After addition of the poly and sidewalls, the proportional area of
the emitter that is finally silicided is reduced to nearly a third
of the emitter's area.
[0022] However, some surface area of the emitter must be used for
forming contacts. FIG. 4 shows a preferred embodiment of the
innovations including contacts 402 and the necessary poly 404
configuration. The active area is covered with the poly lines 404
and sidewalls (shown as a single structure in this figure for
simplicity). The poly lines are broken in a strip down the center
to make room for the contacts 402 to the emitter. The exact
location of the contacts will of course depend on other process
constraints, and need not be exactly as depicted in the preferred
embodiment. Since the poly lines are placed at minimum spacing,
there would otherwise be no room for these contacts. By breaking
the poly lines at the center (rather than at an end) the resistance
to the current flowing between the adjacent poly lines is
reduced.
[0023] At the sides of the emitter area, shallow trench isolation
isolates the device from nearby devices.
[0024] Though the preferred embodiment shows straight poly lines,
the configuration of the poly is limited only by the process
technology. Typical processes allow for 45 degree angled lines, for
instance, and shapes or patterns of many kinds are within the
contemplation of the present application.
[0025] Depending on the exact implementation, the silicided area
can optionally be further reduced, though possibly at added process
cost. In the preferred embodiment, existing process steps are used
to implement the invention, with only modifications to the layout
being required. FIG. 5 shows a sample process flow for a preferred
embodiment.

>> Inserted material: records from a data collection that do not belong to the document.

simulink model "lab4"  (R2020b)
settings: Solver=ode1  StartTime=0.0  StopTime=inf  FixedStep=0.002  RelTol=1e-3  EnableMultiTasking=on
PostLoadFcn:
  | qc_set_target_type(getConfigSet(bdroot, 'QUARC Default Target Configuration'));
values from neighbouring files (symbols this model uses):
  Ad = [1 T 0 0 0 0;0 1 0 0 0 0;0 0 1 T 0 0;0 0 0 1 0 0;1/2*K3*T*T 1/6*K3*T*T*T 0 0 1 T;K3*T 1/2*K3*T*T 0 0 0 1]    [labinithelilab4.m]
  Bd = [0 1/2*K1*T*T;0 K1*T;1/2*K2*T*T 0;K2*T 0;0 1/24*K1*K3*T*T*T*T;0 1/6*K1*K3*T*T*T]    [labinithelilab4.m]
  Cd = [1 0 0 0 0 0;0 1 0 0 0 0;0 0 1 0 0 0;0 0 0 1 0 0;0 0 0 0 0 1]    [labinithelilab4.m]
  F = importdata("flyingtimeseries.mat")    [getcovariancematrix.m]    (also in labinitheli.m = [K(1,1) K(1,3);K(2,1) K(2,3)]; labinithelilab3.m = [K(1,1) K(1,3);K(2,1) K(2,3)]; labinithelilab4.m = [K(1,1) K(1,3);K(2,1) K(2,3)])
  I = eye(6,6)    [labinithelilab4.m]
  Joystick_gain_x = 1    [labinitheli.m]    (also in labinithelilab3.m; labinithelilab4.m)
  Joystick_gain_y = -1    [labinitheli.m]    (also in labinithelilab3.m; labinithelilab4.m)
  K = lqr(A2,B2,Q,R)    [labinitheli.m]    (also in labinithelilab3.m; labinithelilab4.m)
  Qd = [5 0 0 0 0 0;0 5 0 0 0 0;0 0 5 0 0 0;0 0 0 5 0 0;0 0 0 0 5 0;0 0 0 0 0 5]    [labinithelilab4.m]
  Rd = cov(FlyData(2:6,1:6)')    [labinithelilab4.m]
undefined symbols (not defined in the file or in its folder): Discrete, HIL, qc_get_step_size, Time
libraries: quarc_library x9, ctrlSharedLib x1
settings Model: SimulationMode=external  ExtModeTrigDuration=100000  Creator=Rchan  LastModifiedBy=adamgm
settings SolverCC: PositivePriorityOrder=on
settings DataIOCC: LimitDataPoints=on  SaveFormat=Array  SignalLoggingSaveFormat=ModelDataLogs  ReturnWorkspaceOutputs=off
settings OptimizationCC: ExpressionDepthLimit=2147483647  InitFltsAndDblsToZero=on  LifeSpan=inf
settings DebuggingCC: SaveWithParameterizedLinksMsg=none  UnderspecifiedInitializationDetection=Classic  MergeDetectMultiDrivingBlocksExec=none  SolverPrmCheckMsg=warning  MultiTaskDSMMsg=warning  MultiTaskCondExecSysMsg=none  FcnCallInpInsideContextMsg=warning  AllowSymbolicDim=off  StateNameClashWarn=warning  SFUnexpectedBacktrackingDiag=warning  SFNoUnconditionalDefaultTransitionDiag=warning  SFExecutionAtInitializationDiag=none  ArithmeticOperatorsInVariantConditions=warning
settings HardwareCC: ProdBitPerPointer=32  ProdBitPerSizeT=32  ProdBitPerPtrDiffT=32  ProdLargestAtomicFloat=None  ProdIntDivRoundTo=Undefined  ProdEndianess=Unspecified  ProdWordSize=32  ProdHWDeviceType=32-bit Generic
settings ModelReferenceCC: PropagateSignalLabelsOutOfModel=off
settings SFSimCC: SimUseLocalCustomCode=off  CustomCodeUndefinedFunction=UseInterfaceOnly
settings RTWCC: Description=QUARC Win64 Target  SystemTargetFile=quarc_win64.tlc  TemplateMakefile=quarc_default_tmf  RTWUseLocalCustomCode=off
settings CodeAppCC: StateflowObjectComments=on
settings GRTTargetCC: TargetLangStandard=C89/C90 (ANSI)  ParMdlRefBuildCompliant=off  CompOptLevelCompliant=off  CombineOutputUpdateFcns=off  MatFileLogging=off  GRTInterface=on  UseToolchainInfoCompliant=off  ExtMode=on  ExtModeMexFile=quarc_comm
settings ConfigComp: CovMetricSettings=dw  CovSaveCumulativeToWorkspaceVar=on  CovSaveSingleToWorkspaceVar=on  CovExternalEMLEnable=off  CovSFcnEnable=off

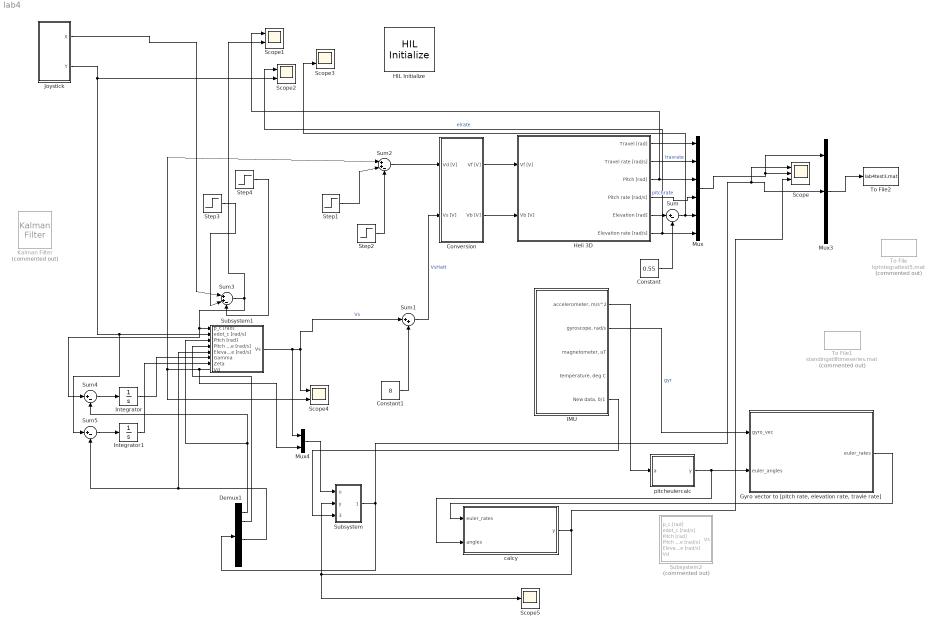
== system lab4 ==
  Constant : Constant  Value=0.55
  Constant1 : Constant  Value=8
  Conversion : Subsystem
  Demux1 : Demux  Outputs=6
  "Gyro vector to [pitch rate, elevation rate, travle rate]" : MATLAB Function  TreatAsAtomicUnit=on
  HIL Initialize : quarc_library/Data Acquisition/Generic/Configuration/HIL Initialize  Priority=-99  object_name=HIL-1  board_type=q8_usb  board_number=0  board_options=update_rate=normal;decimation=1  exclusive=off  active=off  hardware_clocks=[0:2]  clock_modes=[]  initial_clock_frequencies=[]  set_clock_params_at_start=off  set_clock_params_at_switch_in=off  set_clock_frequencies_at_start=off  set_clock_frequencies_at_switch_in=off  analog_input_channels=[0:7]  analog_input_configurations=[]  analog_input_maximums=10  analog_input_minimums=-10  set_analog_input_params_at_start=on  set_analog_input_params_at_switch_in=off  analog_output_channels=[0:7]  analog_output_maximums=10  analog_output_minimums=-10  initial_analog_outputs=[0]  final_analog_outputs=[0]  watchdog_analog_outputs=0  set_analog_output_params_at_start=on  set_analog_output_params_at_switch_in=off  set_analog_outputs_at_start=on  set_analog_outputs_at_switch_in=off  set_analog_outputs_at_terminate=on  set_analog_outputs_at_switch_out=off  set_analog_outputs_on_watchdog=off  digital_input_channels=[]  digital_output_channels=[]  digital_output_configuration=[]  initial_digital_outputs=[1]  final_digital_outputs=[1]  watchdog_digital_outputs=[1]  set_digital_output_params_at_start=off  set_digital_output_params_at_switch_in=off  set_digital_outputs_at_start=on  set_digital_outputs_at_switch_in=off  set_digital_outputs_at_terminate=on  set_digital_outputs_at_switch_out=off  set_digital_outputs_on_watchdog=off  encoder_channels=[0:7]  quadrature=[4]  encoder_filter_frequency=[]  initial_encoder_counts=[0]  set_encoder_params_at_start=on  set_encoder_params_at_switch_in=off  set_encoder_counts_at_start=on  set_encoder_counts_at_switch_in=off  pwm_channels=[0:7]  pwm_modes=0  pwm_frequency=99.532799999999995e6/4095  pwm_configuration=[0]  pwm_alignment=[0]  pwm_polarity=[1]  pwm_leading_deadband=[0]  pwm_trailing_deadband=[0]  initial_pwm_outputs=[0]  final_pwm_outputs=[0]  watchdog_pwm_outputs=[0]  set_pwm_params_at_start=on  set_pwm_params_at_switch_in=off  set_pwm_outputs_at_start=on  set_pwm_outputs_at_switch_in=off  set_pwm_outputs_at_terminate=on  set_pwm_outputs_at_switch_out=off  set_pwm_outputs_on_watchdog=off  other_output_channels=[]  initial_other_outputs=[]  final_other_outputs=[]  watchdog_other_outputs=[]  set_other_outputs_at_start=off  set_other_outputs_at_switch_in=off  set_other_outputs_at_terminate=off  set_other_outputs_at_switch_out=off  set_other_outputs_on_watchdog=off
  Heli 3D : Subsystem
  IMU : Subsystem
  Integrator : Integrator
  Integrator1 : Integrator
  Joystick : Subsystem
  Kalman Filter : ctrlSharedLib/Kalman Filter  Commented=on  TimeDomain=Discrete-Time  UseCurrentEstimator=on  ModelSource=LTI State-Space Variable  ModelSourceVariable=ss(0.95,1,1,0,1)  A=0.95  B=1  C=1  D=0  NumberOfStates=1  NumberOfInputs=1  NumberOfOutputs=1  InitialEstimateSource=Dialog  X0=0  P0=10  UseK=off  UseGH=off  NumberOfProcessNoiseInputs=1  G=1  TimeInvariantG=on  H=0  TimeInvariantH=on  Q=0.05  TimeInvariantQ=on  R=1  TimeInvariantR=on  N=0  TimeInvariantN=on  AddInputPort=on  AddEnablePort=off  OutputEstimatedY=off  OutputP=off  Ts=-1
  Mux : Mux  Inputs=6
  Mux3 : Mux  Inputs=3
  Mux4 : Mux  Inputs=2
  Scope : Scope  NumInputPorts=3
  Scope{1..4} (4 alike) : Scope  NumInputPorts=2
  Scope5 : Scope  NumInputPorts=3
  Step1 : Step  Time=13  After=0  SampleTime=0
  Step2 : Step  Time=13.2  After=0  SampleTime=0
  Step3 : Step  Time=3  After=0  SampleTime=0
  Step4 : Step  Time=8  After=0  SampleTime=0
  Subsystem : Subsystem
  Subsystem1 : Subsystem
      settings: PortSchema="{\"entries\":[{\"content\":{\"sides\":[{\"content\":{\"connectorIds\":[\"In1\",\"In2\",\"In3\",\"In4\",\"In5\",\"In6\",\"In7\",\"Out2\"]},\"type\":\"ConnectorPlacement.EquallySpacedRectSide\",\"uuid\":\"42b6e806-076b-4c56-8c54-cc10da0c9fe1\"},{\"content\":{\"connectorIds\":[\"Out1\"],\"side\":\"RIGHT\"},\"type\":\"ConnectorPlacement.EquallySpacedRectSide\",\"uuid\":\"17e06419-92a3-4202-8f3b-346b055a9ac9\"},{\"content\":{\"connectorIds\":[],\"side\":\"TOP\"},\"type\":\"ConnectorPlacement.EquallySpacedRectSide\",\"uuid\":\"184e6e7b-10a5-4c5c-94e1-4d7aed7ebe95\"},{\"content\":{\"connectorIds\":[],\"side\":\"HIDDEN\"},\"type\":\"ConnectorPlacement.EquallySpacedRectSide\",\"uuid\":\"7a97b522-4a65-499c-a7ab-0e55858670f4\"}]},\"type\":\"ConnectorPlacement.EquallySpacedConnector\",\"uuid\":\"dd461c87-29a2-471f-aec4-8ff6548faa43\"}],\"packageUris\":[\"http://schema.mathworks.com/mf0/Connector/R2020b\"],\"version\":\"1.0\"}"
  Subsystem2 : Subsystem  Commented=on
      settings: PortSchema="{\"entries\":[{\"content\":{\"sides\":[{\"content\":{\"connectorIds\":[\"In1\",\"In2\",\"In3\",\"In4\",\"In5\",\"Out2\"]},\"type\":\"ConnectorPlacement.EquallySpacedRectSide\",\"uuid\":\"42b6e806-076b-4c56-8c54-cc10da0c9fe1\"},{\"content\":{\"connectorIds\":[\"Out1\"],\"side\":\"RIGHT\"},\"type\":\"ConnectorPlacement.EquallySpacedRectSide\",\"uuid\":\"17e06419-92a3-4202-8f3b-346b055a9ac9\"},{\"content\":{\"connectorIds\":[],\"side\":\"TOP\"},\"type\":\"ConnectorPlacement.EquallySpacedRectSide\",\"uuid\":\"184e6e7b-10a5-4c5c-94e1-4d7aed7ebe95\"},{\"content\":{\"connectorIds\":[],\"side\":\"HIDDEN\"},\"type\":\"ConnectorPlacement.EquallySpacedRectSide\",\"uuid\":\"7a97b522-4a65-499c-a7ab-0e55858670f4\"}]},\"type\":\"ConnectorPlacement.EquallySpacedConnector\",\"uuid\":\"dd461c87-29a2-471f-aec4-8ff6548faa43\"}],\"packageUris\":[\"http://schema.mathworks.com/mf0/Connector/R2020b\"],\"version\":\"1.0\"}"
  Sum : Sum  Inputs=|+-
  Sum1 : Sum  Inputs=|++
  Sum2 : Sum  Inputs=|++-
  Sum3 : Sum  Inputs=|++-
  Sum4 : Sum  Inputs=|+-
  Sum5 : Sum  Inputs=|+-
  To File : ToFile  Commented=on  Filename=lqrintegraltest5.mat
  To File1 : ToFile  Commented=on  Filename=standingstilltimeseries.mat
  To File2 : ToFile  Filename=lab4test3.mat
  calcy : Subsystem
  pitcheulercalc : MATLAB Function  TreatAsAtomicUnit=on
  wires:
  Heli 3D/5(Elevation [rad]) -> Sum/1
  Mux/1 -> Mux3/1, Scope/2
  Constant/1 -> Sum/2
  Sum1/1 -> Conversion/2(Vs [V])  "VsHatt"
  Heli 3D/6(Elevation rate [rad/s]) -> Scope2/1, Mux/6  "elrate"
  Joystick/1(X) -> Sum3/1
  Joystick/2(Y) -> Sum5/1, Subsystem1/2(edot_c [rad/s]), Scope2/2
  Subsystem1/1(Vs) -> Mux4/1, Sum1/1, Scope4/1  "Vs"
  Subsystem1/2(Vd) -> Mux4/2, Sum2/1, Scope4/2
  Heli 3D/2(Travel rate [rad/s]) -> Mux/2  "travrate"
  Heli 3D/3(Pitch [rad]) -> Scope1/1, Mux/3
  Heli 3D/4(Pitch rate [rad/s]) -> Mux/4  "pitchrate"
  Sum/1 -> Scope3/2, Mux/5
  Constant1/1 -> Sum1/2
  Step1/1 -> Sum2/2
  Step2/1 -> Sum2/3
  Sum2/1 -> Conversion/1(Vd [V])
  Sum3/1 -> Scope1/2, Sum4/1, Subsystem1/1(p_c [rad])
  Step3/1 -> Sum3/2
  Step4/1 -> Sum3/3
  Sum4/1 -> Integrator/1
  Integrator/1 -> Subsystem1/6(Gamma)
  Sum5/1 -> Integrator1/1
  Integrator1/1 -> Subsystem1/7(Zeta)
  pitcheulercalc/1(y) -> calcy/2(angles), "Gyro vector to [pitch rate, elevation rate, travle rate]"/2(euler_angles)
  IMU/1("accelerometer, m/s^2") -> pitcheulercalc/1(a)
  IMU/2("gyroscope, rad/s") -> "Gyro vector to [pitch rate, elevation rate, travle rate]"/1(gyro_vec)  "gyr"
  "Gyro vector to [pitch rate, elevation rate, travle rate]"/1(euler_rates) -> calcy/1(euler_rates)
  calcy/1(y) -> Scope5/2, Subsystem/2(y), Scope/3
  Mux3/1 -> To File2/1
  Conversion/1(Vf [V]) -> Heli 3D/1(Vf [V])
  Conversion/2(Vb [V]) -> Heli 3D/2(Vb [V])
  Heli 3D/1(Travel [rad]) -> Mux/1
  Mux4/1 -> Subsystem/1(u)
  Subsystem/1(xhatt) -> Mux3/2, Scope/1, Demux1/1
  Demux1/1 -> Subsystem1/3(Pitch [rad]), Sum4/2
  Demux1/2 -> Subsystem1/4(Pitch rate [rad/s])
  Demux1/4 -> Subsystem1/5(Elevation rate [rad/s]), Sum5/2
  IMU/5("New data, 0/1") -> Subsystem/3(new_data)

Shallow trench isolation is used to isolate the device
(step 1). This can require one or two masks, depending on the
chemical mechanical polish process used. The nMOS channel/well
implants are patterned and implanted (step 2) followed by the pMOS
channel/well implants (step 3). This is followed by an anneal (step
4), surface cleans and gate oxide growth (step 5), and poly
deposition (step 6). Pre-gate etch implants are then patterned and
implanted (step 7) followed by another anneal (step 8). The gate is
patterned and etched (step 9). It is in this step that the
deposited poly (which was also deposited on the emitter surface
during step 6) is etched, forming the necessary patterns for
silicide blocking. Next comes poly oxidation (step 10), followed by
nLDD (lightly doped drain) patterning and implantation (step 11),
anneal (step 12), pLDD patterning and implantation (step 13) and
anneal (step 14). This is followed by CVD of oxide and nitride
sidewalls (step 15). It is during step 15 that the sidewalls for
the poly lines that block silicide formation are created. The
sidewalls are etched and cleaned up (step 16), followed by
patterning and implantation of nSD (source/drain) (step 17) and pSD
(step 18), and anneal (step 19). Next is the cap oxide etch and
surface clean (step 20), followed by cobalt deposition and reaction
for silicide formation (step 21). During this step, the location of
silicide formation is determined by the pattern of the poly lines
from steps 6 and 9, and the sidewalls from step 15. Next follows
back end of line processing, such as forming metal contacts, etc.
(step 22).
[0026] Advantages of the innovative layout include the formation of
a high quality vertical BJT without added process cost, since only
existing steps need layout adjustment to implement the preferred
embodiment. Though the preferred embodiment is employed in a CMOS
process, where no special dispensation is made for producing BJTs,
the innovative layout will be beneficial in any context where BJTs
are desired with minimal process alteration or budget.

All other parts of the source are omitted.